Moreover, some small fixes have been done in all the workflows so that the pre-processed reads are stored in sub-folders named as the reads basename. Before the pipeline was placing it all under the --outdir directory without sub-folders organization.

v2.2

This version have a few additions to the pipeline workflow, they are highlighted and explained below:

nf-core schema

We have added a nextflow parameter schema in json that is compliant with nf-core. This enables that users trigger the graphical interface for configuration and execution of the pipeline via nf-core launch utility.

# It is triggered as
nf-core launch fmalmeida/ngs-preprocess

pacbio hifi

We have added the possibility for users to call high fidelity reads with pacbio ccs software. For this, users must use the parameter --pacbio_get_hifi

pacbio demultiplexing

We have changed the demultiplexing process to use lima instead of bam2fastx. In order to demultiplex the reads, users must give the pacbio barcodes (fasta or xml) via --pacbio_barcodes parameter.

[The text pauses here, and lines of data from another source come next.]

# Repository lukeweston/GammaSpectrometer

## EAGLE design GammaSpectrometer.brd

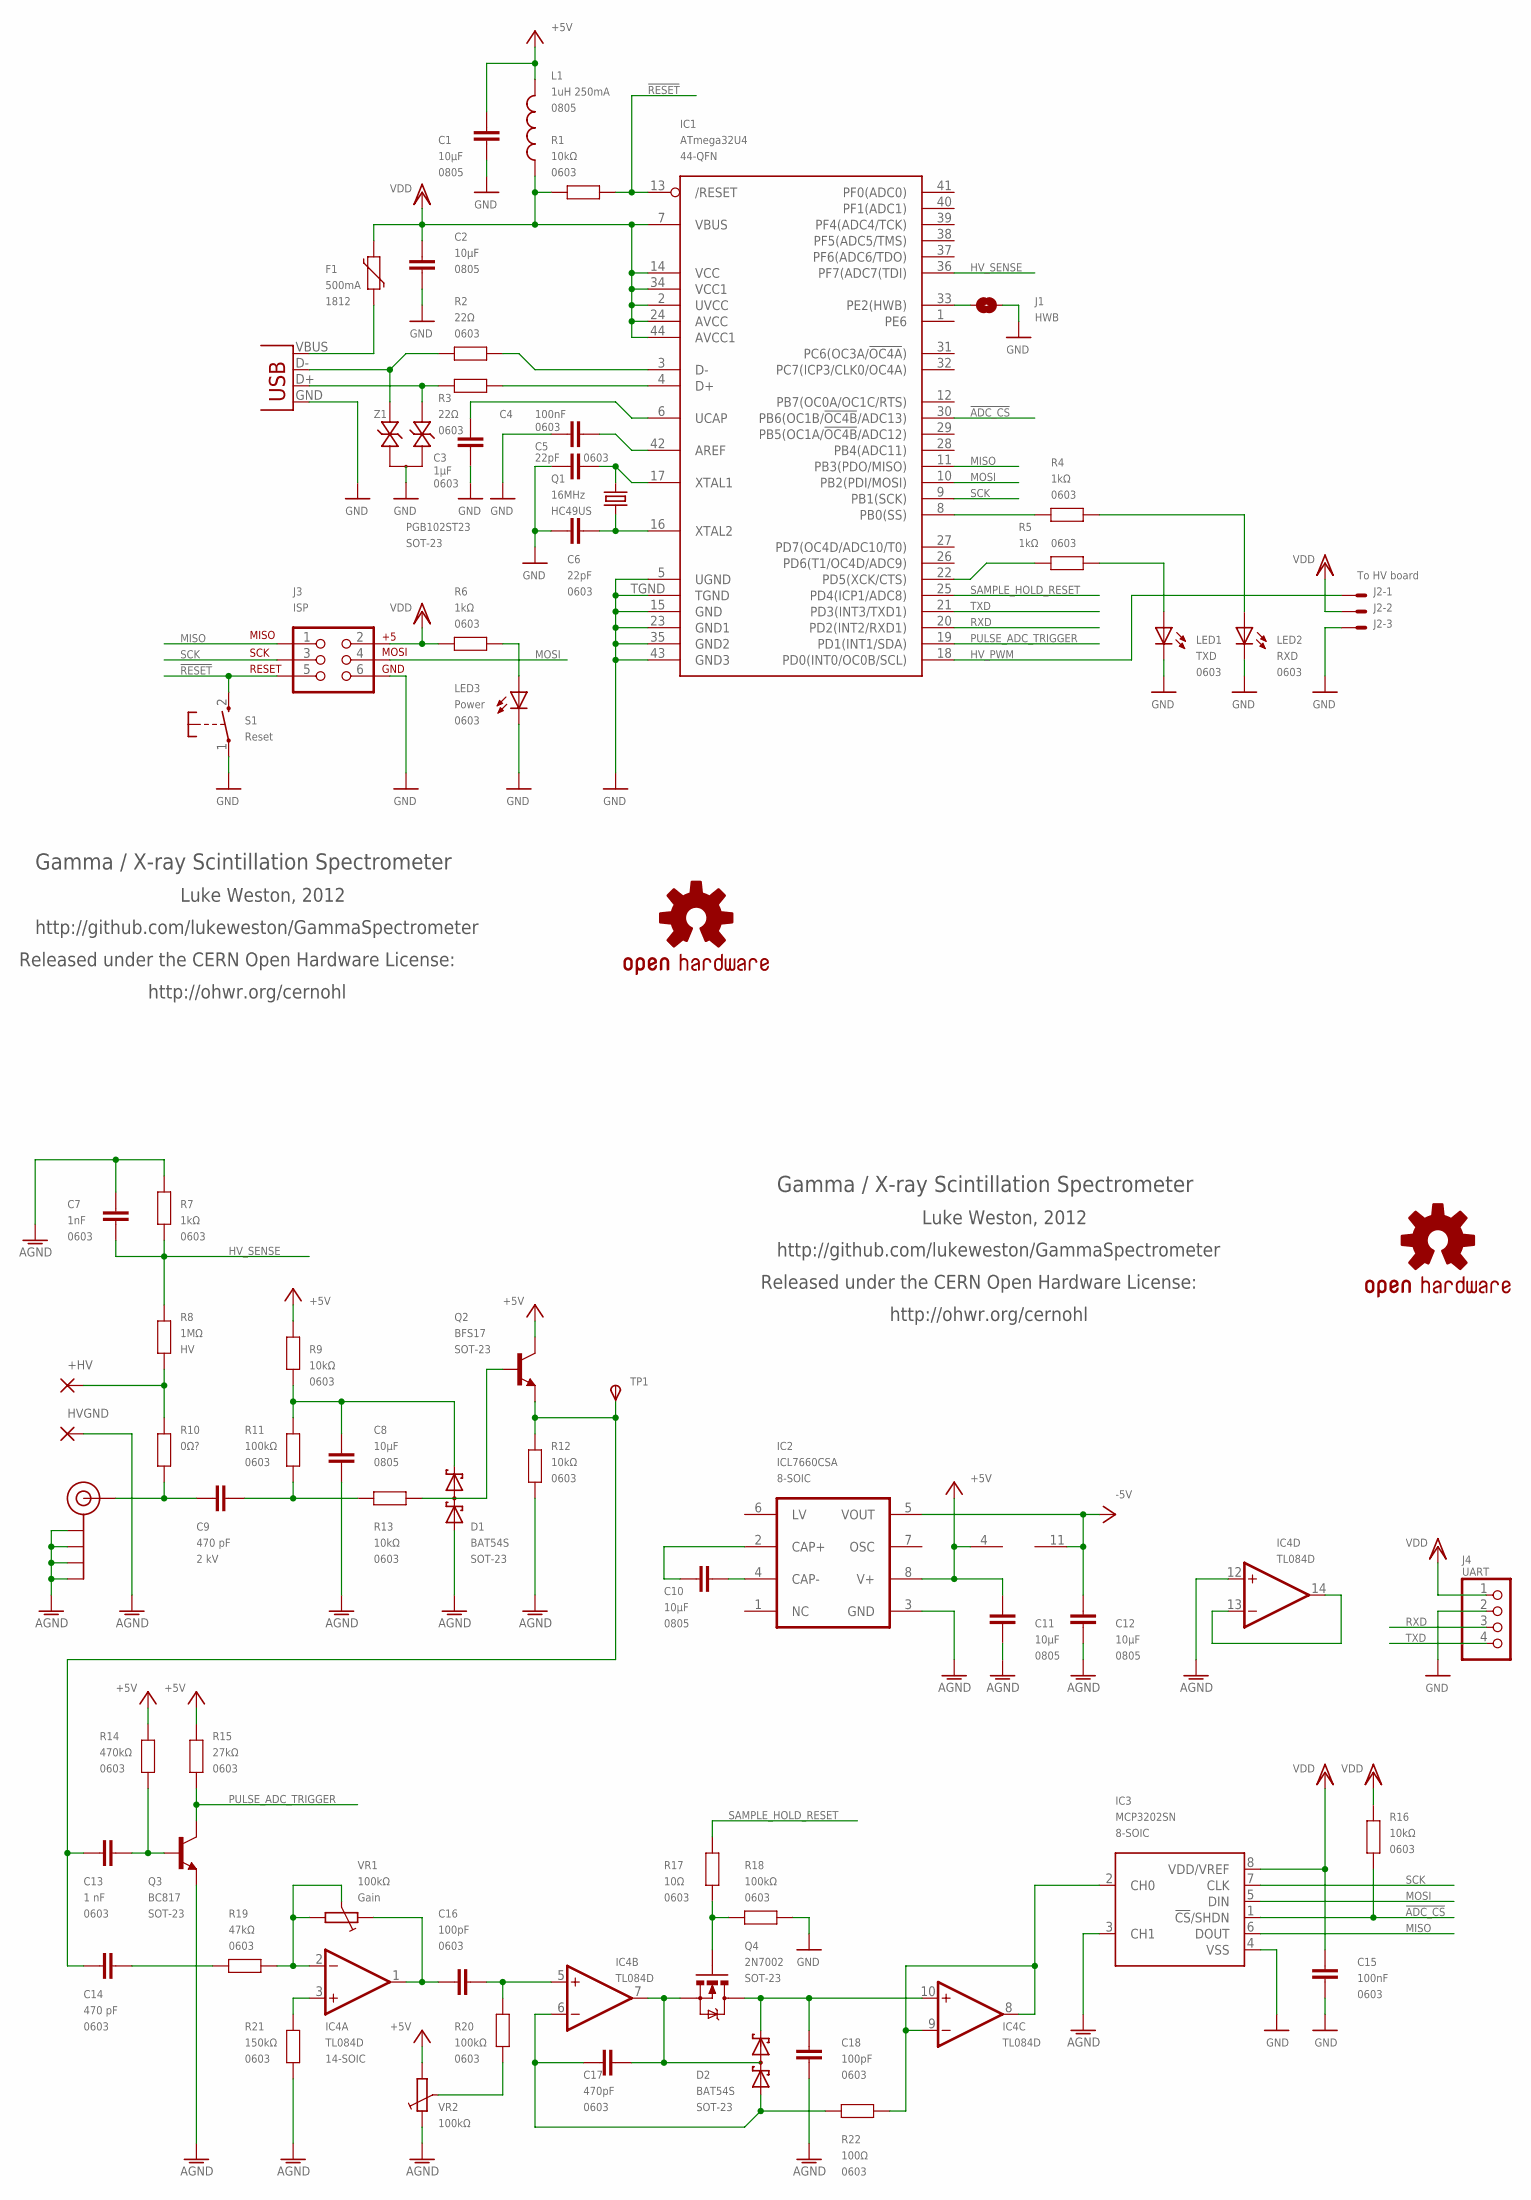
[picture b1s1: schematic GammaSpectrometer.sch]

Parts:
C1, C2, C8, C10, C11, C12: 10µF; 0805
C3: 1µF; 0603
C4, C15: 100nF; 0603
C5, C6: 22pF; 0603
C7: 1nF; 0603
C9: 470 pF; 0603; VOLTAGE 2 kV
C13: 1 nF; 0603
C14: 470 pF; 0603
C16, C18: 100pF; 0603
C17: 470pF; 0603
D1, D2: BAT54S; SOT23
F1: 500mA; 1812
IC1: ATmega32U4; QFN-44N
IC2: ICL7660CSA; SO08
IC3: MCP3202SN; SO-08
IC4: TL084D; SO14
J1: HWB; SJ
J2: To HV board; 22-23-2031
J3: ISP; 2X3-NS
J4: UART; 1X04
J$1: PMT; SMA-EDGE
L1: 1uH 250mA; L2012C
LED1: TXD; LED-0603
LED2: RXD; LED-0603
LED3: Power; LED-0603
PAD1: +HV; 2,54/0,9
PAD2: HVGND; 2,54/0,9
Q1: 16MHz; HC49US
Q2: BFS17; SOT23-BEC
Q3: BC817; SOT23-BEC
Q4: 2N7002; SOT23-3
R1, R9, R12, R13, R16: 10kΩ; 0603
R2, R3: 22Ω; 0603
R4, R5, R6, R7: 1kΩ; 0603
R8: 1MΩ; 0603; VOLTAGE HV
R10: 0Ω?; 0603
R11, R18, R20: 100kΩ; 0603
R14: 470kΩ; 0603
R15: 27kΩ; 0603
R17: 10Ω; 0603
R19: 47kΩ; 0603
R21: 150kΩ; 0603
R22: 100Ω; 0603
S1: Reset; TACTILE_SWITCH_SMD_2PIN_TINY
SY, SY1: OSHW-LOGOS; OSHW-LOGO-S
TP1: TPSPAD1-13; P1-13
VR1, VR2: 100kΩ; CT6
X1: USB-MICROB
Z1: PGB102ST23; SOT23-3

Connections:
!ADC_CS: IC1.30 (PB6(OC1B/!OC4B!/ADC13)), IC3.1 (!CS!/SHDN), R16.1
!RESET: IC1.13 (/RESET), J3.5, R1.1, S1.2 (S)
+5V: C1.1, C11.1, IC2.8 (V+), IC4.4 (V+), L1.2, Q2.C, R9.2, R14.1, R15.1, VR2.A
-5V: C12.1, IC2.5 (VOUT), IC4.11 (V-)
AGND: C7.2, C8.2, C11.2, C12.2, C18.2, D1.1 (A1), IC2.3 (GND), IC3.3 (CH1), IC4.12 (+IN), J$1.GND@0 (GND), J$1.GND@1 (GND), J$1.GND@2 (GND), J$1.GND@3 (GND), PAD2.1, Q3.E, R7.2, R12.1, R21.2, VR2.E
GND: C1.2, C2.2, C3.1, C4.1, C5.1, C6.1, C15.1, IC1.5 (UGND), IC1.15 (GND), IC1.23 (GND1), IC1.35 (GND2), IC1.43 (GND3), IC1.TGND, IC3.4 (VSS), J1.1, J2.3, J3.6, J4.2, LED1.C, LED2.C, LED3.C, R18.2, S1.1, X1.GND, Z1.3
HV_PWM: IC1.18 (PD0(INT0/OC0B/SCL)), J2.1
HV_SENSE: C7.1, IC1.36 (PF7(ADC7(TDI)), R7.1, R8.2
HWB: IC1.33 (PE2(HWB)), J1.2
MISO: IC1.11 (PB3(PDO/MISO)), IC3.6 (DOUT), J3.1
MOSI: IC1.10 (PB2(PDI/MOSI)), IC3.5 (DIN), J3.4
unnamed: PAD1.1, R8.1, R10.2
unnamed: C9.1, J$1.SIG (SIGNAL), R10.1
unnamed: C8.1, D1.3 (C2), R9.1, R11.2
unnamed: C9.2, R11.1, R13.2
unnamed: C18.1, D2.3 (C2), IC4.10 (+IN), Q4.3 (D)
unnamed: IC4.2 (-IN), R19.2, VR1.A, VR1.S
unnamed: C13.2, C14.2, Q2.E, R12.2, TP1.TP
unnamed: C14.1, R19.1
unnamed: C17.1, D2.2 (C1A2), IC4.7 (OUT), Q4.2 (S)
unnamed: IC4.3 (+IN), R21.1
unnamed: C16.2, IC4.1 (OUT), VR1.E
unnamed: D1.2 (C1A2), Q2.B, R13.1
unnamed: C13.1, Q3.B, R14.2
unnamed: R20.2, VR2.S
unnamed: C16.1, IC4.5 (+IN), R20.1
unnamed: C17.2, D2.1 (A1), IC4.6 (-IN), R22.2
unnamed: C10.2, IC2.2 (CAP+)
unnamed: C10.1, IC2.4 (CAP-)
unnamed: Q4.1 (G), R17.1, R18.1
unnamed: F1.1, X1.VBUS
unnamed: LED3.A, R6.2
unnamed: C4.2, IC1.42 (AREF)
unnamed: LED1.A, R5.2
unnamed: LED2.A, R4.2
unnamed: IC4.13 (-IN), IC4.14 (OUT)
unnamed: C3.2, IC1.6 (UCAP)
unnamed: R3.2, X1.D+, Z1.1
unnamed: R2.2, X1.D-, Z1.2
unnamed: C5.2, IC1.17 (XTAL1), Q1.2
unnamed: C6.2, IC1.16 (XTAL2), Q1.1
unnamed: IC1.4 (D+), R3.1
unnamed: IC1.3 (D-), R2.1
PULSE: IC3.2 (CH0), IC4.8 (OUT), IC4.9 (-IN), R22.1
PULSE_ADC_TRIGGER: IC1.19 (PD1(INT1/SDA)), Q3.C, R15.2
RXD: IC1.20 (PD2(INT2/RXD1)), J4.3
RXLED: IC1.8 (PB0(SS)), R4.1
SAMPLE_HOLD_RESET: IC1.25 (PD4(ICP1/ADC8)), R17.2
SCK: IC1.9 (PB1(SCK)), IC3.7 (CLK), J3.3
TXD: IC1.21 (PD3(INT3/TXD1)), J4.4
TXLED: IC1.22 (PD5(XCK/CTS)), R5.1
VDD: C2.1, C15.2, F1.2, IC1.2 (UVCC), IC1.7 (VBUS), IC1.14 (VCC), IC1.24 (AVCC), IC1.34 (VCC1), IC1.44 (AVCC1), IC3.8 (VDD/VREF), J2.2, J3.2, J4.1, L1.1, R1.2, R6.1, R16.2

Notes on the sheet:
Gamma / X-ray Scintillation Spectrometer
Luke Weston, 2012
http://github.com/lukeweston/GammaSpectrometer
Released under the CERN Open Hardware License:
http://ohwr.org/cernohl

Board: 2 copper layers, 70 parts (0 on the bottom side), 52 nets, no tracks yet.

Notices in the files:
parts and their libraries:
SparkFun-Connectors: Licensing: CC v3.0 Share-Alike You are welcome to use this library for commercial purposes.

Be careful, lima enables that users demultiplex data by same, different or any kind of association of barcodes. By default the pipeline checks for reads that have the same barcodes. Checkout the --pacbio_barcode_design parameter.

longreads filtering

Using nanofilt we have added the possibility that users filter their long reads (ONT or Pacbio) based on min. length and quality thresholds. Check the --lreads_min_length and --lreads_min_quality parameters.